■ What is expected: Return all of the records exactly.

Data excerpts:
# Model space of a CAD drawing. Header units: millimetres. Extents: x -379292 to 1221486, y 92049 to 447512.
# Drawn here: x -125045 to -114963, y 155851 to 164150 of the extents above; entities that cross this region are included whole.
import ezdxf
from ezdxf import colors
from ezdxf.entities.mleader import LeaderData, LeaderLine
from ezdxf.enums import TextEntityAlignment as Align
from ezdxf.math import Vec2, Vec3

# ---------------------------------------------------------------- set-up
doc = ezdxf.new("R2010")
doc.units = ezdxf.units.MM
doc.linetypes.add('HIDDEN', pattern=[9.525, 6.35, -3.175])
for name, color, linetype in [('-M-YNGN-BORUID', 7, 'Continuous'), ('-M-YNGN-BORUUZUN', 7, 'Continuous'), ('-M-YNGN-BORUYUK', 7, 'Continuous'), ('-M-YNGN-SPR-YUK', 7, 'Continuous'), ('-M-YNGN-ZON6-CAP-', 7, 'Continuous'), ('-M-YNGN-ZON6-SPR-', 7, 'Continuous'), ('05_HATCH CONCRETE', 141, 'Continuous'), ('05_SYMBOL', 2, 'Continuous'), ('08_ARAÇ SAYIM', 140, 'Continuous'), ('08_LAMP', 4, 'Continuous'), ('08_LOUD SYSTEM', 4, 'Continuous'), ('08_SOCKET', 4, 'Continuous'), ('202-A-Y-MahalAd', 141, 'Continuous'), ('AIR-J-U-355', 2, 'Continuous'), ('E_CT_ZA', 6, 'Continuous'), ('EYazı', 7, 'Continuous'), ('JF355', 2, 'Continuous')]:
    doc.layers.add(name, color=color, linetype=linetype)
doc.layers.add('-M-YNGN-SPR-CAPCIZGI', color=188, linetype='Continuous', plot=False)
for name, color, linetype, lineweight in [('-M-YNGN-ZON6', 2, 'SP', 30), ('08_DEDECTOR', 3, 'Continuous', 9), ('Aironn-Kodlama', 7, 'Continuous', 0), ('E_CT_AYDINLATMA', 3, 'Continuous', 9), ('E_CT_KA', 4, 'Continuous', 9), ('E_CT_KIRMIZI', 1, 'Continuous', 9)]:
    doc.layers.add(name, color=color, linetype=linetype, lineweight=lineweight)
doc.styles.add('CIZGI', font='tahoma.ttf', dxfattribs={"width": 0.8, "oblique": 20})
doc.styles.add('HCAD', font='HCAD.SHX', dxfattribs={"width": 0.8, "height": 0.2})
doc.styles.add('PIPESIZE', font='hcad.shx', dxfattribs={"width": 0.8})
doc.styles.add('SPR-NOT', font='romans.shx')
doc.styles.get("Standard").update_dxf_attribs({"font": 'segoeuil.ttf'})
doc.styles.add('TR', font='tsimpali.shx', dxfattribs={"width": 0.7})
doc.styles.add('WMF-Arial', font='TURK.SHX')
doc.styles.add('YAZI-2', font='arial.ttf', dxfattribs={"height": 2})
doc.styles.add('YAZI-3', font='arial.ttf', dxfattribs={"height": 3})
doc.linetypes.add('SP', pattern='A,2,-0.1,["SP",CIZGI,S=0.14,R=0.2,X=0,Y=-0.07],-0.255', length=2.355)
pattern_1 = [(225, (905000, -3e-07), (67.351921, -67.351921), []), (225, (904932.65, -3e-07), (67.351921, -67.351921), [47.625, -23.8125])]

■ Result of the exercise:
# Model space of a CAD drawing. Header units: millimetres. Extents: x -379292 to 1221486, y 92049 to 447512.
# Drawn here: x -125045 to -114963, y 155851 to 164150 of the extents above; entities that cross this region are included whole.
import ezdxf
from ezdxf import colors
from ezdxf.entities.mleader import LeaderData, LeaderLine
from ezdxf.enums import TextEntityAlignment as Align
from ezdxf.math import Vec2, Vec3

# ---------------------------------------------------------------- set-up
doc = ezdxf.new("R2010")
doc.units = ezdxf.units.MM
doc.linetypes.add('HIDDEN', pattern=[9.525, 6.35, -3.175])
for name, color, linetype in [('-M-YNGN-BORUID', 7, 'Continuous'), ('-M-YNGN-BORUUZUN', 7, 'Continuous'), ('-M-YNGN-BORUYUK', 7, 'Continuous'), ('-M-YNGN-SPR-YUK', 7, 'Continuous'), ('-M-YNGN-ZON6-CAP-', 7, 'Continuous'), ('-M-YNGN-ZON6-SPR-', 7, 'Continuous'), ('05_HATCH CONCRETE', 141, 'Continuous'), ('05_SYMBOL', 2, 'Continuous'), ('08_ARAÇ SAYIM', 140, 'Continuous'), ('08_LAMP', 4, 'Continuous'), ('08_LOUD SYSTEM', 4, 'Continuous'), ('08_SOCKET', 4, 'Continuous'), ('202-A-Y-MahalAd', 141, 'Continuous'), ('AIR-J-U-355', 2, 'Continuous'), ('E_CT_ZA', 6, 'Continuous'), ('EYazı', 7, 'Continuous'), ('JF355', 2, 'Continuous')]:
    doc.layers.add(name, color=color, linetype=linetype)
doc.layers.add('-M-YNGN-SPR-CAPCIZGI', color=188, linetype='Continuous', plot=False)
for name, color, linetype, lineweight in [('-M-YNGN-ZON6', 2, 'SP', 30), ('08_DEDECTOR', 3, 'Continuous', 9), ('Aironn-Kodlama', 7, 'Continuous', 0), ('E_CT_AYDINLATMA', 3, 'Continuous', 9), ('E_CT_KA', 4, 'Continuous', 9), ('E_CT_KIRMIZI', 1, 'Continuous', 9)]:
    doc.layers.add(name, color=color, linetype=linetype, lineweight=lineweight)
doc.styles.add('CIZGI', font='tahoma.ttf', dxfattribs={"width": 0.8, "oblique": 20})
doc.styles.add('HCAD', font='HCAD.SHX', dxfattribs={"width": 0.8, "height": 0.2})
doc.styles.add('PIPESIZE', font='hcad.shx', dxfattribs={"width": 0.8})
doc.styles.add('SPR-NOT', font='romans.shx')
doc.styles.get("Standard").update_dxf_attribs({"font": 'segoeuil.ttf'})
doc.styles.add('TR', font='tsimpali.shx', dxfattribs={"width": 0.7})
doc.styles.add('WMF-Arial', font='TURK.SHX')
doc.styles.add('YAZI-2', font='arial.ttf', dxfattribs={"height": 2})
doc.styles.add('YAZI-3', font='arial.ttf', dxfattribs={"height": 3})
doc.linetypes.add('SP', pattern='A,2,-0.1,["SP",CIZGI,S=0.14,R=0.2,X=0,Y=-0.07],-0.255', length=2.355)
pattern_1 = [(225, (905000, -3e-07), (67.351921, -67.351921), []), (225, (904932.65, -3e-07), (67.351921, -67.351921), [47.625, -23.8125])]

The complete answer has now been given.